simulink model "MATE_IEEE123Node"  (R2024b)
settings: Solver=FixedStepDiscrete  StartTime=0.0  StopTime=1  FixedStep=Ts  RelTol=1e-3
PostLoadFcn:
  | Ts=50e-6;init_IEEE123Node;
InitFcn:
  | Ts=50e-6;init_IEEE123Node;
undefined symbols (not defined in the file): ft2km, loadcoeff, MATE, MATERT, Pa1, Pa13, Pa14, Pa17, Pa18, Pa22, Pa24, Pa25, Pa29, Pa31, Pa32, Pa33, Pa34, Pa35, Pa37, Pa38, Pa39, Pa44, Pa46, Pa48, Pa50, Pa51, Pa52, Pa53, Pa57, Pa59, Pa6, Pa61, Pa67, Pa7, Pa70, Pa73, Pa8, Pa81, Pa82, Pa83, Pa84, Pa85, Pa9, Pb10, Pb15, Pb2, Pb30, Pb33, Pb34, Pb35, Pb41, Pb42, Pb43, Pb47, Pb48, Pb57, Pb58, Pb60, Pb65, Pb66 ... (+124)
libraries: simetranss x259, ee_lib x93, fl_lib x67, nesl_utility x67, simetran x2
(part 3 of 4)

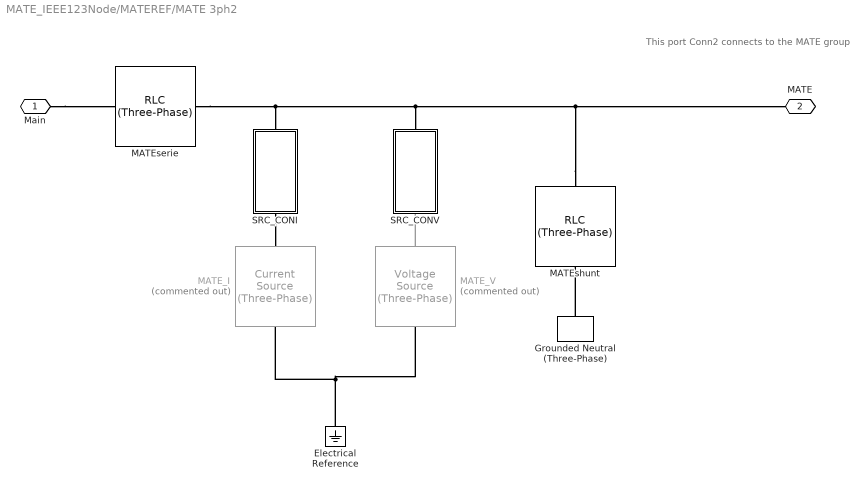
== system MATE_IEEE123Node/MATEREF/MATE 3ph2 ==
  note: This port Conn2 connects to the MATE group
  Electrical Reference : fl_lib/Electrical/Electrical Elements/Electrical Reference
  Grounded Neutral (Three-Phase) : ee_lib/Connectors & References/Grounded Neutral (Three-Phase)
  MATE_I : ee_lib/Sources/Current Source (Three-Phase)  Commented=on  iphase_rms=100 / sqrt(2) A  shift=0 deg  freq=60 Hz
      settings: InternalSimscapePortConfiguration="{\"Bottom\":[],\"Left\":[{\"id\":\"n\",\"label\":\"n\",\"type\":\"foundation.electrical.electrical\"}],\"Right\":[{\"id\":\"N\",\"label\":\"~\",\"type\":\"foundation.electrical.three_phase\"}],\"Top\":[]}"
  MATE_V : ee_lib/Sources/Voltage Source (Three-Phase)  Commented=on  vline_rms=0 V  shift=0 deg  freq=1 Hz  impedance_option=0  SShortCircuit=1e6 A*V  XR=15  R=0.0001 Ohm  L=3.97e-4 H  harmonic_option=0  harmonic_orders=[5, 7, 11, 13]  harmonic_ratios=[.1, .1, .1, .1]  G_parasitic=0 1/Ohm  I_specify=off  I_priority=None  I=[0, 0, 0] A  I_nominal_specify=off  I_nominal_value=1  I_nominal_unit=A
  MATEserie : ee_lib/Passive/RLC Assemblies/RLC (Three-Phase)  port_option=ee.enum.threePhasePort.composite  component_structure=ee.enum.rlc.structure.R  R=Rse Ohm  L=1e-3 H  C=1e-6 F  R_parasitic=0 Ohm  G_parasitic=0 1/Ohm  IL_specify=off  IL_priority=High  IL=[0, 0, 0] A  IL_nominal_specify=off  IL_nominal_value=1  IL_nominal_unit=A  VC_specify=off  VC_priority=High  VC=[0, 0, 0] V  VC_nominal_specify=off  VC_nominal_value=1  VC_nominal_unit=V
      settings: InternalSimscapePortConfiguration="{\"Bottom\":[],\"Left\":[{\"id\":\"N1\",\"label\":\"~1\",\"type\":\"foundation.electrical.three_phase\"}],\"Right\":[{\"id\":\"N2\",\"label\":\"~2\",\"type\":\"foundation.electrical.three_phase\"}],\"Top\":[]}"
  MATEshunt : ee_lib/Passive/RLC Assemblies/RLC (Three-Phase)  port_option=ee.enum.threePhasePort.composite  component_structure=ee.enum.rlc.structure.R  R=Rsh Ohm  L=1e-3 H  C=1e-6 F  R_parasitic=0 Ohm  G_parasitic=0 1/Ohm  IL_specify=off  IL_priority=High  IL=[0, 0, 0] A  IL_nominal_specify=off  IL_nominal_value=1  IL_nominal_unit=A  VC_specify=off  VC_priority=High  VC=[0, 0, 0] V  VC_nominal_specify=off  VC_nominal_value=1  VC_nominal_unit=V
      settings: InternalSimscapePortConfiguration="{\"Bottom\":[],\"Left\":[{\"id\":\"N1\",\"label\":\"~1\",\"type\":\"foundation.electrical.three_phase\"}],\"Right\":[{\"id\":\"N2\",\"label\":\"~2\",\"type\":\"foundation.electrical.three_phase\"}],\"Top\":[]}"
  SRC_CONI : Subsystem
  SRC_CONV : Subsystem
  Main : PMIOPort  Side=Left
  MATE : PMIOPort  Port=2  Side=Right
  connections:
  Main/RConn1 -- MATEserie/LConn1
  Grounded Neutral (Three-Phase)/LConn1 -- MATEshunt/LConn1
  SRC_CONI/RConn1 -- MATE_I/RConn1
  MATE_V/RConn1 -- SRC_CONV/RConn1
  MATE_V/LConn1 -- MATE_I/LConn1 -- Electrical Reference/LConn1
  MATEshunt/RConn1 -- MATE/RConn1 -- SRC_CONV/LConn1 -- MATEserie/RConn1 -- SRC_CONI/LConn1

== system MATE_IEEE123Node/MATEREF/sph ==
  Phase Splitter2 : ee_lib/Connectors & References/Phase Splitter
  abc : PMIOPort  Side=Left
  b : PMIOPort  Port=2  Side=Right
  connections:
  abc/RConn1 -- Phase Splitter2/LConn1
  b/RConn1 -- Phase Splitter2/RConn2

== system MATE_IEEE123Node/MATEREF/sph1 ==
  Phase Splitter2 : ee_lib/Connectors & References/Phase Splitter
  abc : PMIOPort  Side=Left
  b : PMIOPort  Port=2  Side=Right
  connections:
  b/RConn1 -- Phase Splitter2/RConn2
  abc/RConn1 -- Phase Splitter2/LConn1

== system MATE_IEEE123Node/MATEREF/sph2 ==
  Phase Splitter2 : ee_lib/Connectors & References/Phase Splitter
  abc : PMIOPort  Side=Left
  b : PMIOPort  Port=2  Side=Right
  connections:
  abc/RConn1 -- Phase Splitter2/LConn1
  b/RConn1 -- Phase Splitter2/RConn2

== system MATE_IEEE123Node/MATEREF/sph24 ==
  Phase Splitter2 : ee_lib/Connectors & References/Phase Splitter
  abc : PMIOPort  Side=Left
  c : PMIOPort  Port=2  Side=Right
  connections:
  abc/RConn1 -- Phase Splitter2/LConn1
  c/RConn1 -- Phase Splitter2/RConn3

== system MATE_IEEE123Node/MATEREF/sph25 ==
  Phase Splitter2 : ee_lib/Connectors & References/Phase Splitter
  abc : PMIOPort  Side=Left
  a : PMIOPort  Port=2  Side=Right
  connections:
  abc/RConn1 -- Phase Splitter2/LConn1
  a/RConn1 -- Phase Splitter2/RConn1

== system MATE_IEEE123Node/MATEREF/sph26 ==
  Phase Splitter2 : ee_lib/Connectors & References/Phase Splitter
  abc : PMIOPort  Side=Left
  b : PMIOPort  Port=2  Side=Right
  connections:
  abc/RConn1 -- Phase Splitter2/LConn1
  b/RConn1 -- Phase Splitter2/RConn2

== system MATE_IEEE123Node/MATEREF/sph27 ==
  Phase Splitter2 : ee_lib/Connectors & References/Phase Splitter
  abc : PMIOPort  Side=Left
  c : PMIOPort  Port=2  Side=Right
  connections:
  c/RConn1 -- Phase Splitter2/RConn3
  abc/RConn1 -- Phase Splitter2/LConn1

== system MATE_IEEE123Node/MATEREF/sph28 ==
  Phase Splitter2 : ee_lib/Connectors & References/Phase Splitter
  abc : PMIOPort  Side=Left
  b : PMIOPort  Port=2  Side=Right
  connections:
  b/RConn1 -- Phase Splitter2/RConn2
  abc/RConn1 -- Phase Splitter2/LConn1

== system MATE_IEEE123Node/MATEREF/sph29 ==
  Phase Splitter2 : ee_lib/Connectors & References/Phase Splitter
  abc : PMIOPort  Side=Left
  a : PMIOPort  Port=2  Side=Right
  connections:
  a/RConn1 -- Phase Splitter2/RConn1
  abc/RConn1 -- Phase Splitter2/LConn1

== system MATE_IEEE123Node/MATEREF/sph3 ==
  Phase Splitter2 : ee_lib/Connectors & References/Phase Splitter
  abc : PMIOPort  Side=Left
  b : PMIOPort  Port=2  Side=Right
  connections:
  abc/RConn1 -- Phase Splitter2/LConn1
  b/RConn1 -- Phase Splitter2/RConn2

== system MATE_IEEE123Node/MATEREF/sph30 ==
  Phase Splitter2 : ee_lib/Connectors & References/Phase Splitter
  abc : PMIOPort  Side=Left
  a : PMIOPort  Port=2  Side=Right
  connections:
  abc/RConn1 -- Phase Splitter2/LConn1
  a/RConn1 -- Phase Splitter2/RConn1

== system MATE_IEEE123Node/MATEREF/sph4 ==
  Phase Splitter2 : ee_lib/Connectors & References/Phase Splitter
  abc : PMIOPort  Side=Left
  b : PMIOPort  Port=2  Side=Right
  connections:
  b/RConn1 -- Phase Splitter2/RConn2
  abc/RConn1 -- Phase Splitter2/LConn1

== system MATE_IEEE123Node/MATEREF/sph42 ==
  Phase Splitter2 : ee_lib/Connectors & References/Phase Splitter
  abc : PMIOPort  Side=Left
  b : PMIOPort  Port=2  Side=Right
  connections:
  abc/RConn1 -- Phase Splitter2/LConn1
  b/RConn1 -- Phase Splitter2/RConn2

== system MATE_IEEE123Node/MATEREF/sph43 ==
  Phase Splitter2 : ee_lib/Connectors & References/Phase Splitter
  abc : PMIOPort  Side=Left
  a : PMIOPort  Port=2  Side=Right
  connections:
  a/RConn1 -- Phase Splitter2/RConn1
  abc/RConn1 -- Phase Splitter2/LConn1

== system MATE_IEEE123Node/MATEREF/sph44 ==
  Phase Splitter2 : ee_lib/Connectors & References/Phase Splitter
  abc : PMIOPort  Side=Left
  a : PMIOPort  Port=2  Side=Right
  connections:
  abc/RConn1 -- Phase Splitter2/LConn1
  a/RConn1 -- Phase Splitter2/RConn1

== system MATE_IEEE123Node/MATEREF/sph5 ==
# # # # # # #
- [ASSIGNED TASK]: With pictures omitted, repeat the entries above word for word from the line holding "(part 3 of 4)" down to the line holding "MATE_I : ee_lib/Sources/Current", keeping both of those lines.

- [RESPONSE TO THE EXERCISE]:
(part 3 of 4)

== system MATE_IEEE123Node/MATEREF/MATE 3ph2 ==
  note: This port Conn2 connects to the MATE group
  Electrical Reference : fl_lib/Electrical/Electrical Elements/Electrical Reference
  Grounded Neutral (Three-Phase) : ee_lib/Connectors & References/Grounded Neutral (Three-Phase)
  MATE_I : ee_lib/Sources/Current Source (Three-Phase)  Commented=on  iphase_rms=100 / sqrt(2) A  shift=0 deg  freq=60 Hz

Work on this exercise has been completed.